Or at all, occasionally. I've worked on a few large financial apps, and the
general quality level of the industry is pretty disturbing. They aren't
architected much better than a _good_ consumer webapp - more buzzwords, more
heavyweight process, but the actual quality of the code isn't any better, nor
is the developer's understanding of what they're doing.

I've noticed the same problem from a consumer's POV too. I was just on IM with
a friend last night whose online banking account just stopped working for her.
I can't log in online with my BankNorth account, and I get some weird error
code whenever I try a "forget my password" or "reset my PIN". My dad notices
that a couple cents disappear from his bank balance every month, and no matter
how much he checks his arithmetic, there's no way to make it balance. Several
people he's talked to have noticed the same thing.

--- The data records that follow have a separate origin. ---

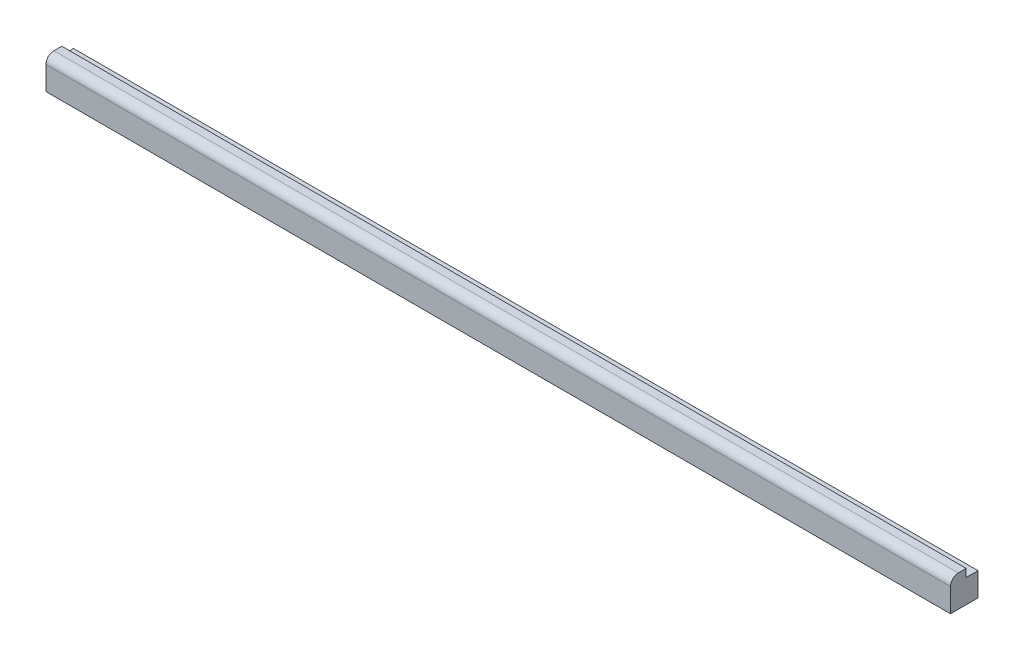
ISO-10303-21;
HEADER;
FILE_DESCRIPTION(('STEP AP214'),'2;1');
FILE_NAME('part.step','',(''),(''),'','','');
FILE_SCHEMA(('AUTOMOTIVE_DESIGN { 1 0 10303 214 1 1 1 1 }'));
ENDSEC;
DATA;
#1=APPLICATION_CONTEXT('core data for automotive mechanical design processes');
#2=APPLICATION_PROTOCOL_DEFINITION('international standard','automotive_design',2000,#1);
#3=PRODUCT_CONTEXT('',#1,'mechanical');
#4=PRODUCT('Part','Part','',(#3));
#5=PRODUCT_RELATED_PRODUCT_CATEGORY('part','',(#4));
#6=PRODUCT_DEFINITION_FORMATION('','',#4);
#7=PRODUCT_DEFINITION_CONTEXT('part definition',#1,'design');
#8=PRODUCT_DEFINITION('design','',#6,#7);
#9=PRODUCT_DEFINITION_SHAPE('','',#8);
#10=(LENGTH_UNIT() NAMED_UNIT(*) SI_UNIT(.MILLI.,.METRE.));
#11=(NAMED_UNIT(*) PLANE_ANGLE_UNIT() SI_UNIT($,.RADIAN.));
#12=(NAMED_UNIT(*) SI_UNIT($,.STERADIAN.) SOLID_ANGLE_UNIT());
#13=UNCERTAINTY_MEASURE_WITH_UNIT(LENGTH_MEASURE(1.E-05),#10,'distance_accuracy_value','');
#14=(GEOMETRIC_REPRESENTATION_CONTEXT(3) GLOBAL_UNCERTAINTY_ASSIGNED_CONTEXT((#13)) GLOBAL_UNIT_ASSIGNED_CONTEXT((#10,
#11,#12)) REPRESENTATION_CONTEXT('',''));
#15=CARTESIAN_POINT('',(0.,0.,0.));
#16=DIRECTION('',(0.,0.,1.));
#17=DIRECTION('',(1.,0.,0.));
#18=AXIS2_PLACEMENT_3D('',#15,#16,#17);
#19=CARTESIAN_POINT('',(365.125,-12.7,-11.1125));
#20=DIRECTION('',(0.,0.,1.));
#21=DIRECTION('',(1.,0.,0.));
#22=AXIS2_PLACEMENT_3D('',#19,#20,#21);
#23=PLANE('',#22);
#24=DIRECTION('',(0.,1.,0.));
#25=VECTOR('',#24,1.);
#26=CARTESIAN_POINT('',(-365.125,-12.7,-11.1125));
#27=LINE('',#26,#25);
#28=CARTESIAN_POINT('',(-365.125,-12.7,-11.1125));
#29=VERTEX_POINT('',#28);
#30=CARTESIAN_POINT('',(-365.125,6.35,-11.1125));
#31=VERTEX_POINT('',#30);
#32=EDGE_CURVE('E111',#29,#31,#27,.T.);
#33=ORIENTED_EDGE('',*,*,#32,.T.);
#34=DIRECTION('',(1.,0.,0.));
#35=VECTOR('',#34,1.);
#36=CARTESIAN_POINT('',(-365.125,6.35,-11.1125));
#37=LINE('',#36,#35);
#38=CARTESIAN_POINT('',(365.125,6.35,-11.1125));
#39=VERTEX_POINT('',#38);
#40=EDGE_CURVE('E116',#31,#39,#37,.T.);
#41=ORIENTED_EDGE('',*,*,#40,.T.);
#42=DIRECTION('',(0.,1.,0.));
#43=VECTOR('',#42,1.);
#44=CARTESIAN_POINT('',(365.125,-12.7,-11.1125));
#45=LINE('',#44,#43);
#46=CARTESIAN_POINT('',(365.125,-12.7,-11.1125));
#47=VERTEX_POINT('',#46);
#48=EDGE_CURVE('E121',#47,#39,#45,.T.);
#49=ORIENTED_EDGE('',*,*,#48,.F.);
#50=DIRECTION('',(-1.,0.,0.));
#51=VECTOR('',#50,1.);
#52=CARTESIAN_POINT('',(365.125,-12.7,-11.1125));
#53=LINE('',#52,#51);
#54=EDGE_CURVE('E122',#47,#29,#53,.T.);
#55=ORIENTED_EDGE('',*,*,#54,.T.);
#56=EDGE_LOOP('',(#33,#41,#49,#55));
#57=FACE_BOUND('',#56,.T.);
#58=ADVANCED_FACE('F33',(#57),#23,.F.);
#59=CARTESIAN_POINT('',(365.125,12.7,11.1125));
#60=DIRECTION('',(0.,-1.,0.));
#61=DIRECTION('',(0.,0.,-1.));
#62=AXIS2_PLACEMENT_3D('',#59,#60,#61);
#63=PLANE('',#62);
#64=DIRECTION('',(0.,0.,1.));
#65=VECTOR('',#64,1.);
#66=CARTESIAN_POINT('',(365.125,12.7,11.1125));
#67=LINE('',#66,#65);
#68=CARTESIAN_POINT('',(365.125,12.7,-1.5875));
#69=VERTEX_POINT('',#68);
#70=CARTESIAN_POINT('',(365.125,12.7,4.7625));
#71=VERTEX_POINT('',#70);
#72=EDGE_CURVE('E55',#69,#71,#67,.T.);
#73=ORIENTED_EDGE('',*,*,#72,.F.);
#74=DIRECTION('',(1.,0.,0.));
#75=VECTOR('',#74,1.);
#76=CARTESIAN_POINT('',(-365.125,12.7,-1.5875));
#77=LINE('',#76,#75);
#78=CARTESIAN_POINT('',(-365.125,12.7,-1.5875));
#79=VERTEX_POINT('',#78);
#80=EDGE_CURVE('E95',#79,#69,#77,.T.);
#81=ORIENTED_EDGE('',*,*,#80,.F.);
#82=DIRECTION('',(0.,0.,1.));
#83=VECTOR('',#82,1.);
#84=CARTESIAN_POINT('',(-365.125,12.7,11.1125));
#85=LINE('',#84,#83);
#86=CARTESIAN_POINT('',(-365.125,12.7,4.7625));
#87=VERTEX_POINT('',#86);
#88=EDGE_CURVE('E103',#79,#87,#85,.T.);
#89=ORIENTED_EDGE('',*,*,#88,.T.);
#90=DIRECTION('',(-1.,0.,0.));
#91=VECTOR('',#90,1.);
#92=CARTESIAN_POINT('',(365.125,12.7,4.7625));
#93=LINE('',#92,#91);
#94=EDGE_CURVE('E41',#87,#71,#93,.F.);
#95=ORIENTED_EDGE('',*,*,#94,.T.);
#96=EDGE_LOOP('',(#73,#81,#89,#95));
#97=FACE_BOUND('',#96,.T.);
#98=ADVANCED_FACE('F102',(#97),#63,.F.);
#99=CARTESIAN_POINT('',(365.125,-12.7,11.1125));
#100=DIRECTION('',(0.,0.,-1.));
#101=DIRECTION('',(-1.,0.,0.));
#102=AXIS2_PLACEMENT_3D('',#99,#100,#101);
#103=PLANE('',#102);
#104=DIRECTION('',(0.,-1.,0.));
#105=VECTOR('',#104,1.);
#106=CARTESIAN_POINT('',(365.125,-12.7,11.1125));
#107=LINE('',#106,#105);
#108=CARTESIAN_POINT('',(365.125,6.35,11.1125));
#109=VERTEX_POINT('',#108);
#110=CARTESIAN_POINT('',(365.125,-12.7,11.1125));
#111=VERTEX_POINT('',#110);
#112=EDGE_CURVE('E138',#109,#111,#107,.T.);
#113=ORIENTED_EDGE('',*,*,#112,.F.);
#114=DIRECTION('',(-1.,0.,0.));
#115=VECTOR('',#114,1.);
#116=CARTESIAN_POINT('',(365.125,6.35,11.1125));
#117=LINE('',#116,#115);
#118=CARTESIAN_POINT('',(-365.125,6.35,11.1125));
#119=VERTEX_POINT('',#118);
#120=EDGE_CURVE('E129',#109,#119,#117,.T.);
#121=ORIENTED_EDGE('',*,*,#120,.T.);
#122=DIRECTION('',(0.,-1.,0.));
#123=VECTOR('',#122,1.);
#124=CARTESIAN_POINT('',(-365.125,-12.7,11.1125));
#125=LINE('',#124,#123);
#126=CARTESIAN_POINT('',(-365.125,-12.7,11.1125));
#127=VERTEX_POINT('',#126);
#128=EDGE_CURVE('E110',#119,#127,#125,.T.);
#129=ORIENTED_EDGE('',*,*,#128,.T.);
#130=DIRECTION('',(-1.,0.,0.));
#131=VECTOR('',#130,1.);
#132=CARTESIAN_POINT('',(365.125,-12.7,11.1125));
#133=LINE('',#132,#131);
#134=EDGE_CURVE('E125',#111,#127,#133,.T.);
#135=ORIENTED_EDGE('',*,*,#134,.F.);
#136=EDGE_LOOP('',(#113,#121,#129,#135));
#137=FACE_BOUND('',#136,.T.);
#138=ADVANCED_FACE('F141',(#137),#103,.F.);
#139=CARTESIAN_POINT('',(365.125,-12.7,11.1125));
#140=DIRECTION('',(0.,1.,0.));
#141=DIRECTION('',(0.,0.,1.));
#142=AXIS2_PLACEMENT_3D('',#139,#140,#141);
#143=PLANE('',#142);
#144=DIRECTION('',(0.,0.,-1.));
#145=VECTOR('',#144,1.);
#146=CARTESIAN_POINT('',(-365.125,-12.7,11.1125));
#147=LINE('',#146,#145);
#148=EDGE_CURVE('E113',#127,#29,#147,.T.);
#149=ORIENTED_EDGE('',*,*,#148,.T.);
#150=ORIENTED_EDGE('',*,*,#54,.F.);
#151=DIRECTION('',(0.,0.,-1.));
#152=VECTOR('',#151,1.);
#153=CARTESIAN_POINT('',(365.125,-12.7,11.1125));
#154=LINE('',#153,#152);
#155=EDGE_CURVE('E126',#111,#47,#154,.T.);
#156=ORIENTED_EDGE('',*,*,#155,.F.);
#157=ORIENTED_EDGE('',*,*,#134,.T.);
#158=EDGE_LOOP('',(#149,#150,#156,#157));
#159=FACE_BOUND('',#158,.T.);
#160=ADVANCED_FACE('F159',(#159),#143,.F.);
#161=CARTESIAN_POINT('',(365.125,0.,0.));
#162=DIRECTION('',(-1.,0.,0.));
#163=DIRECTION('',(0.,0.,1.));
#164=AXIS2_PLACEMENT_3D('',#161,#162,#163);
#165=PLANE('',#164);
#166=ORIENTED_EDGE('',*,*,#48,.T.);
#167=DIRECTION('',(0.,0.,-1.));
#168=VECTOR('',#167,1.);
#169=CARTESIAN_POINT('',(365.125,6.35,-11.1125));
#170=LINE('',#169,#168);
#171=CARTESIAN_POINT('',(365.125,6.35,-1.5875));
#172=VERTEX_POINT('',#171);
#173=EDGE_CURVE('E99',#172,#39,#170,.T.);
#174=ORIENTED_EDGE('',*,*,#173,.F.);
#175=DIRECTION('',(0.,-1.,0.));
#176=VECTOR('',#175,1.);
#177=CARTESIAN_POINT('',(365.125,12.7,-1.5875));
#178=LINE('',#177,#176);
#179=EDGE_CURVE('E151',#69,#172,#178,.T.);
#180=ORIENTED_EDGE('',*,*,#179,.F.);
#181=ORIENTED_EDGE('',*,*,#72,.T.);
#182=CARTESIAN_POINT('',(365.125,6.35,4.7625));
#183=DIRECTION('',(-1.,0.,0.));
#184=DIRECTION('',(0.,0.,1.));
#185=AXIS2_PLACEMENT_3D('',#182,#183,#184);
#186=CIRCLE('',#185,6.35);
#187=EDGE_CURVE('E11',#71,#109,#186,.F.);
#188=ORIENTED_EDGE('',*,*,#187,.T.);
#189=ORIENTED_EDGE('',*,*,#112,.T.);
#190=ORIENTED_EDGE('',*,*,#155,.T.);
#191=EDGE_LOOP('',(#166,#174,#180,#181,#188,#189,#190));
#192=FACE_BOUND('',#191,.T.);
#193=ADVANCED_FACE('F137',(#192),#165,.F.);
#194=CARTESIAN_POINT('',(-365.125,0.,0.));
#195=DIRECTION('',(-1.,0.,0.));
#196=DIRECTION('',(0.,0.,1.));
#197=AXIS2_PLACEMENT_3D('',#194,#195,#196);
#198=PLANE('',#197);
#199=DIRECTION('',(0.,0.,-1.));
#200=VECTOR('',#199,1.);
#201=CARTESIAN_POINT('',(-365.125,6.35,-11.1125));
#202=LINE('',#201,#200);
#203=CARTESIAN_POINT('',(-365.125,6.35,-1.5875));
#204=VERTEX_POINT('',#203);
#205=EDGE_CURVE('E48',#204,#31,#202,.T.);
#206=ORIENTED_EDGE('',*,*,#205,.T.);
#207=ORIENTED_EDGE('',*,*,#32,.F.);
#208=ORIENTED_EDGE('',*,*,#148,.F.);
#209=ORIENTED_EDGE('',*,*,#128,.F.);
#210=CARTESIAN_POINT('',(-365.125,6.35,4.7625));
#211=DIRECTION('',(-1.,0.,0.));
#212=DIRECTION('',(0.,0.,1.));
#213=AXIS2_PLACEMENT_3D('',#210,#211,#212);
#214=CIRCLE('',#213,6.35);
#215=EDGE_CURVE('E108',#119,#87,#214,.T.);
#216=ORIENTED_EDGE('',*,*,#215,.T.);
#217=ORIENTED_EDGE('',*,*,#88,.F.);
#218=DIRECTION('',(0.,-1.,0.));
#219=VECTOR('',#218,1.);
#220=CARTESIAN_POINT('',(-365.125,12.7,-1.5875));
#221=LINE('',#220,#219);
#222=EDGE_CURVE('E91',#79,#204,#221,.T.);
#223=ORIENTED_EDGE('',*,*,#222,.T.);
#224=EDGE_LOOP('',(#206,#207,#208,#209,#216,#217,#223));
#225=FACE_BOUND('',#224,.T.);
#226=ADVANCED_FACE('F106',(#225),#198,.T.);
#227=CARTESIAN_POINT('',(365.125,6.35,4.7625));
#228=DIRECTION('',(-1.,0.,0.));
#229=DIRECTION('',(0.,0.,1.));
#230=AXIS2_PLACEMENT_3D('',#227,#228,#229);
#231=CYLINDRICAL_SURFACE('',#230,6.35);
#232=ORIENTED_EDGE('',*,*,#187,.F.);
#233=ORIENTED_EDGE('',*,*,#94,.F.);
#234=ORIENTED_EDGE('',*,*,#215,.F.);
#235=ORIENTED_EDGE('',*,*,#120,.F.);
#236=EDGE_LOOP('',(#232,#233,#234,#235));
#237=FACE_BOUND('',#236,.T.);
#238=ADVANCED_FACE('F35',(#237),#231,.T.);
#239=CARTESIAN_POINT('',(-365.125,6.35,-11.1125));
#240=DIRECTION('',(0.,-1.,0.));
#241=DIRECTION('',(0.,0.,-1.));
#242=AXIS2_PLACEMENT_3D('',#239,#240,#241);
#243=PLANE('',#242);
#244=ORIENTED_EDGE('',*,*,#173,.T.);
#245=ORIENTED_EDGE('',*,*,#40,.F.);
#246=ORIENTED_EDGE('',*,*,#205,.F.);
#247=DIRECTION('',(1.,0.,0.));
#248=VECTOR('',#247,1.);
#249=CARTESIAN_POINT('',(-365.125,6.35,-1.5875));
#250=LINE('',#249,#248);
#251=EDGE_CURVE('E96',#204,#172,#250,.T.);
#252=ORIENTED_EDGE('',*,*,#251,.T.);
#253=EDGE_LOOP('',(#244,#245,#246,#252));
#254=FACE_BOUND('',#253,.T.);
#255=ADVANCED_FACE('F161',(#254),#243,.F.);
#256=CARTESIAN_POINT('',(-365.125,12.7,-1.5875));
#257=DIRECTION('',(0.,0.,1.));
#258=DIRECTION('',(1.,0.,0.));
#259=AXIS2_PLACEMENT_3D('',#256,#257,#258);
#260=PLANE('',#259);
#261=ORIENTED_EDGE('',*,*,#179,.T.);
#262=ORIENTED_EDGE('',*,*,#251,.F.);
#263=ORIENTED_EDGE('',*,*,#222,.F.);
#264=ORIENTED_EDGE('',*,*,#80,.T.);
#265=EDGE_LOOP('',(#261,#262,#263,#264));
#266=FACE_BOUND('',#265,.T.);
#267=ADVANCED_FACE('F94',(#266),#260,.F.);
#268=CLOSED_SHELL('',(#58,#98,#138,#160,#193,#226,#238,#255,#267));
#269=MANIFOLD_SOLID_BREP('B2',#268);
#270=ADVANCED_BREP_SHAPE_REPRESENTATION('',(#18,#269),#14);
#271=SHAPE_DEFINITION_REPRESENTATION(#9,#270);
ENDSEC;
END-ISO-10303-21;

I've heard that the industry used to be better, that people actually took
"100% uptime" and "don't lose money" seriously before Java and Y2K and all
these newfangled development practices. I knew a developer that was an early
employee and later VP at Stratus, and she really did know her stuff. But she
seems to be a dying breed - everything now is moving towards J2EE and
outsourcing where nobody really takes responsibility for the quality of the
software anymore.

Sometimes I think that all the top-notch engineers at Google and Facebook
should quit their jobs and start financial software companies instead. Because
they really are more highly skilled than the folks who build the software that
manages your life-savings. Facebook manages 3 TB of data in _memcached alone_
without a hitch - that's more than we have on disk at the financial software
company I work for.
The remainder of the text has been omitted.